Das Ziel der Naxaliten ist die Erlangung der Staatsmacht und die Unterstützung der Landlosen, Armen und Angehörigen niedriger Kasten.

Im April 2006 bezeichnete der indische Premierminister Manmohan Singh die Naxaliten als die größte Sicherheitsherausforderung in der Geschichte Indiens.

Die naxalitische Ideologie basiert auf historischen Dokumenten von Charu Majumders. Sie beruft sich auf die kreative Anwendung des Marxismus, des Leninismus und der Lehre Mao-Mao Testungs.

Bedeutende Naxalitenorganisationen

• Communist Party of India (Marxist-Leninist) Liberation: 1974 gegründet, stärkste Naxaliten-Organisation, arbeitet seit Beginn der 1980er Jahre in der Legalität, (Bihar, Assam und Jharkhand), präsentiert kritische Haltung zu Stalin und teilweise auch zu Mao.

• Communist Party of India (Marxist-Leninist) New Democracy: 1988 gegründet, (Andhra Pradesh), Schwerpunkt liegt in der dortigen Bauernbewegung, orientiert am klassischen Maoismus.

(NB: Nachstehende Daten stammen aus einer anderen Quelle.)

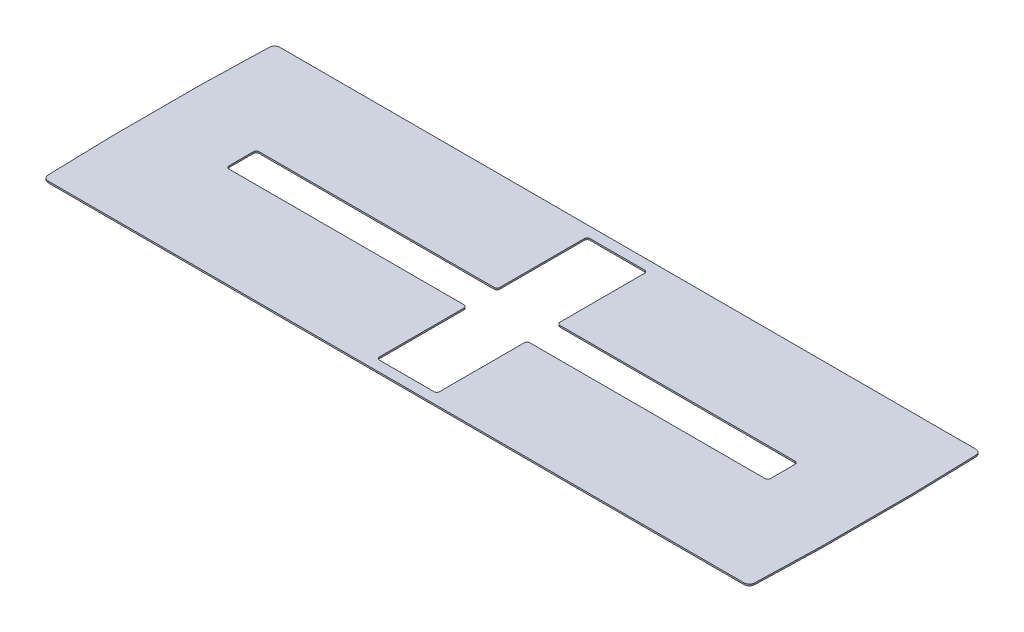
SolidWorks part; units mm, degrees
material "ASTM A36 Steel"
ref_plane "Front Plane" through (0, 0, 0) normal (0, 0, 1) x (1, 0, 0)
ref_plane "Top Plane" through (0, 0, 0) normal (0, 1, 0) x (1, 0, 0)
ref_plane "Right Plane" through (0, 0, 0) normal (1, 0, 0) x (0, 0, -1)
sketch "Sketch1" plane through (0, 0, 0) normal (0, 1, 0) x (1, 0, 0)
  line L1 (596.9, -193.04) -> (-596.9, -193.04)
  line L2 (596.9, -193.04) -> (596.9, 193.04)
  line L3 (596.9, 193.04) -> (-596.9, 193.04)
  line L4 (-596.9, -193.04) -> (-596.9, 193.04)
  line L5 (596.9, -193.04) -> (-596.9, 193.04) construction
  line L6 (596.9, 193.04) -> (-596.9, -193.04) construction
  point P0 (0, 0)
  dimension "D1" = 1193.8
  dimension "D2" = 386.08
extrude "Boss-Extrude1" add sketch "Sketch1" along normal blind 2.667
sketch "Sketch2" plane through (0, 2.667, 0) normal (0, 1, 0) x (1, 0, 0)
  line L0 (592.1375, -38.1) -> (-592.1375, -38.1) construction
  line L1 (592.1375, -38.1) -> (-592.1375, -38.1) construction
  line L2 (592.1375, 38.1) -> (-592.1375, 38.1) construction
  line L3 (592.1375, 38.1) -> (-592.1375, 38.1) construction
  line L4 (0, -38.1) -> (0, 38.1) construction
  line L5 (0, 0) -> (457.2, 0) construction
  line L6 (-457.2, 25.4) -> (-457.2, -25.4)
  line L7 (-457.2, 25.4) -> (457.2, 25.4)
  line L8 (0, 25.4) -> (0, -25.4)
  line L9 (-457.2, -25.4) -> (457.2, -25.4)
  line L10 (457.2, 25.4) -> (457.2, -25.4)
  line L11 (0, 25.4) -> (457.2, -25.4) construction
  line L12 (0, -25.4) -> (457.2, 25.4) construction
  point P8 (228.6, 0)
  dimension "D1" = 457.2
  dimension "D2" = 50.8
extrude "Cut-Extrude1" cut sketch "Sketch2" against normal through all contours L10 L7 L8 L9 | L6 L9 L8 L7
sketch "Sketch3" plane through (0, 2.667, 0) normal (0, 1, 0) x (1, 0, 0)
  line L0 (-101.6, -190.6168) -> (-101.6, 190.3832) construction
  line L1 (-101.6, -190.6168) -> (-101.6, 190.3832) construction
  line L2 (101.6, -190.6168) -> (101.6, 190.3832) construction
  line L3 (101.6, -190.6168) -> (101.6, 190.3832) construction
  line L5 (-50.8, 177.8) -> (50.8, 177.8)
  line L6 (-50.8, 177.8) -> (-50.8, -177.8)
  line L7 (-50.8, -177.8) -> (50.8, -177.8)
  line L8 (50.8, 177.8) -> (50.8, -177.8)
  line L9 (-50.8, 177.8) -> (50.8, -177.8) construction
  line L10 (-50.8, -177.8) -> (50.8, 177.8) construction
  point P4 (0, 0)
  dimension "D1" = 355.6
  dimension "D2" = 101.6
extrude "Cut-Extrude2" cut sketch "Sketch3" against normal through all
fillet "Fillet1" radius 4.7625 12 edges at (-457.2, 1.3335, -25.4) (-457.2, 1.3335, 25.4) (457.2, 1.3335, -25.4) (457.2, 1.3335, 25.4) (-50.8, 1.3335, -25.4) (-50.8, 1.3335, 25.4) (50.8, 1.3335, 25.4) (50.8, 1.3335, -25.4) (50.8, 1.3335, 177.8) (-50.8, 1.3335, 177.8) (-50.8, 1.3335, -177.8) (50.8, 1.3335, -177.8)
sketch "Sketch4" plane through (0, 0, 0) normal (0, -1, 0) x (1, 0, 0)
  line L0 (-593.8929, 186.8625) -> (-596.9, 76.2) construction
  line L1 (-593.8929, -186.8625) -> (-596.9, -76.2) construction
  line L2 (-593.8929, 186.8625) -> (-596.9, 76.2)
  line L3 (-593.8929, -186.8625) -> (-596.9, -76.2)
  line L4 (593.8929, 186.8625) -> (596.9, 76.2) construction
  line L5 (593.8929, -186.8625) -> (596.9, -76.2) construction
  line L6 (593.8929, 186.8625) -> (596.9, 76.2)
  line L7 (593.8929, -186.8625) -> (596.9, -76.2)
  arc A0 (-593.8929, -186.8625) -> (-587.5452, -193.04) centre (-587.5452, -186.69) ccw construction
  arc A1 (-587.5452, 193.04) -> (-593.8929, 186.8625) centre (-587.5452, 186.69) ccw construction
  arc A2 (-593.8929, -186.8625) -> (-587.5452, -193.04) centre (-587.5452, -186.69) ccw
  arc A3 (-587.5452, 193.04) -> (-593.8929, 186.8625) centre (-587.5452, 186.69) ccw
  arc A4 (593.8929, 186.8625) -> (587.5452, 193.04) centre (587.5452, 186.69) ccw construction
  arc A5 (587.5452, -193.04) -> (593.8929, -186.8625) centre (587.5452, -186.69) ccw construction
  arc A6 (593.8929, 186.8625) -> (587.5452, 193.04) centre (587.5452, 186.69) ccw
  arc A7 (587.5452, -193.04) -> (593.8929, -186.8625) centre (587.5452, -186.69) ccw
  line M25 (-596.9, 193.04) -> (-596.9, -193.04)
  line M26 (-596.9, -193.04) -> (596.9, -193.04)
  line M27 (596.9, -193.04) -> (596.9, 193.04)
  line M28 (596.9, 193.04) -> (-596.9, 193.04)
extrude "Cut-Extrude3" cut sketch "Sketch4" against normal through all contours A2 L3 M25 M26 | A3 L2 M28 M25 | A6 L6 M27 M28 | A7 L7 M26 M27
sketch "Sketch5" plane through (0, 2.667, 0) normal (0, 1, 0) x (1, 0, 0)
  line L0 (587.5452, 195.58) -> (-587.5452, 195.58)
  line L1 (-596.4319, 186.9315) -> (-599.44, 76.2345)
  line L2 (-599.44, 76.2345) -> (-599.44, -76.2345)
  line L3 (-599.44, -76.2345) -> (-596.4319, -186.9315)
  line L4 (-587.5452, -195.58) -> (587.5452, -195.58)
  line L5 (596.4319, -186.9315) -> (599.44, -76.2345)
  line L6 (599.44, -76.2345) -> (599.44, 76.2345)
  line L7 (599.44, 76.2345) -> (596.4319, 186.9315)
  line L8 (596.9, 76.2) -> (593.8929, 186.8625)
  line L9 (587.5452, 193.04) -> (-587.5452, 193.04)
  line L10 (-593.8929, 186.8625) -> (-596.9, 76.2)
  line L11 (-596.9, 76.2) -> (-596.9, -76.2)
  line L12 (-596.9, -76.2) -> (-593.8929, -186.8625)
  line L13 (-587.5452, -193.04) -> (587.5452, -193.04)
  line L14 (593.8929, -186.8625) -> (596.9, -76.2)
  line L15 (596.9, -76.2) -> (596.9, 76.2)
  line L16 (596.9, 76.2) -> (593.8929, 186.8625)
  line L17 (587.5452, 193.04) -> (-587.5452, 193.04)
  line L18 (-593.8929, 186.8625) -> (-596.9, 76.2)
  line L19 (-596.9, 76.2) -> (-596.9, -76.2)
  line L20 (-596.9, -76.2) -> (-593.8929, -186.8625)
  line L21 (-587.5452, -193.04) -> (587.5452, -193.04)
  line L22 (593.8929, -186.8625) -> (596.9, -76.2)
  line L23 (596.9, -76.2) -> (596.9, 76.2)
  arc A0 (-587.5452, 195.58) -> (-596.4319, 186.9315) centre (-587.5452, 186.69) ccw
  arc A1 (-596.4319, -186.9315) -> (-587.5452, -195.58) centre (-587.5452, -186.69) ccw
  arc A2 (587.5452, -195.58) -> (596.4319, -186.9315) centre (587.5452, -186.69) ccw
  arc A3 (596.4319, 186.9315) -> (587.5452, 195.58) centre (587.5452, 186.69) ccw
  arc A4 (593.8929, 186.8625) -> (587.5452, 193.04) centre (587.5452, 186.69) ccw
  arc A5 (-587.5452, 193.04) -> (-593.8929, 186.8625) centre (-587.5452, 186.69) ccw
  arc A6 (-593.8929, -186.8625) -> (-587.5452, -193.04) centre (-587.5452, -186.69) ccw
  arc A7 (587.5452, -193.04) -> (593.8929, -186.8625) centre (587.5452, -186.69) ccw
  arc A8 (593.8929, 186.8625) -> (587.5452, 193.04) centre (587.5452, 186.69) ccw
  arc A9 (-587.5452, 193.04) -> (-593.8929, 186.8625) centre (-587.5452, 186.69) ccw
  arc A10 (-593.8929, -186.8625) -> (-587.5452, -193.04) centre (-587.5452, -186.69) ccw
  arc A11 (587.5452, -193.04) -> (593.8929, -186.8625) centre (587.5452, -186.69) ccw
  dimension "D1" = 0
  dimension "D2" = 2.54
extrude "Boss-Extrude2" add sketch "Sketch5" against normal up to surface (2.667 mm away) up to face at (0, 0, 0)

• Communist Party of India (Marxist-Leninist) [Kanu Sanyal]: 2005 aus der Vereinigung von CPI(ML) [Kanu Sanyal] und CPI(ML) Red Flag hervorgegangen, kombiniert legale und illegale Kampfformen, war mit einem Abgeordneten im Parlament von Bihar vertreten.

• Communist Party of India (Maoist): Ging 2004 aus der Vereinigung von CPI(ML) People's War Group (Adivasi-Regionen in Andhra Pradesh) und Maoist Communist Centre of India (Süden von Bihar und in Jharkhand). Die CPI(Maoist) ist für verschiedene Übergriffe (bis hin zu Morden) auf Zivilisten und Anhänger konkurrierender (auch maoistischer) Parteien verantwortlich.

• Communist Party of India (Marxist-Leninist) Janashakti: 1992 gegründet als Zusammenschluss von sieben kleineren Gruppen, (Andhra Pradesh), gewann dort bei den Wahlen 1994 einen Sitz im Regionalparlament, Ende der 1990er Jahre stärkere Orientierung auf bewaffnete Untergrundarbeit, 2004 erfolglose Friedensgespräche mit der Regionalregierung.

• Provisional Central Committee, Communist Party of India (Marxist-Leninist): 1971 gegründet, (Bodo-Region in Assam), dort über Vorfeldorganisation United Reservation Movement Council of Assam hohe Wahlergebnisse erzielt.

Opfer

Im Rahmen des so genannten Volkskrieges (“people's war”) werden Menschen, die den Naxaliten im Wege stehen, eigenmächtig bedroht, eingeschüchtert, geschlagen, verschleppt, gefoltert, bestraft oder exekutiert.

Betroffen sind davon die Führungskräfte (Bürgermeister als offizielle staatliche Vertreter, Großgrundbesitzer, Stammesführer, Priester), Sicherheitskräfte, verdächtige Polizeispitzel und Verräter sowie deren Familien.

Auch gegen Deserteure gehen sie gnadenlos vor.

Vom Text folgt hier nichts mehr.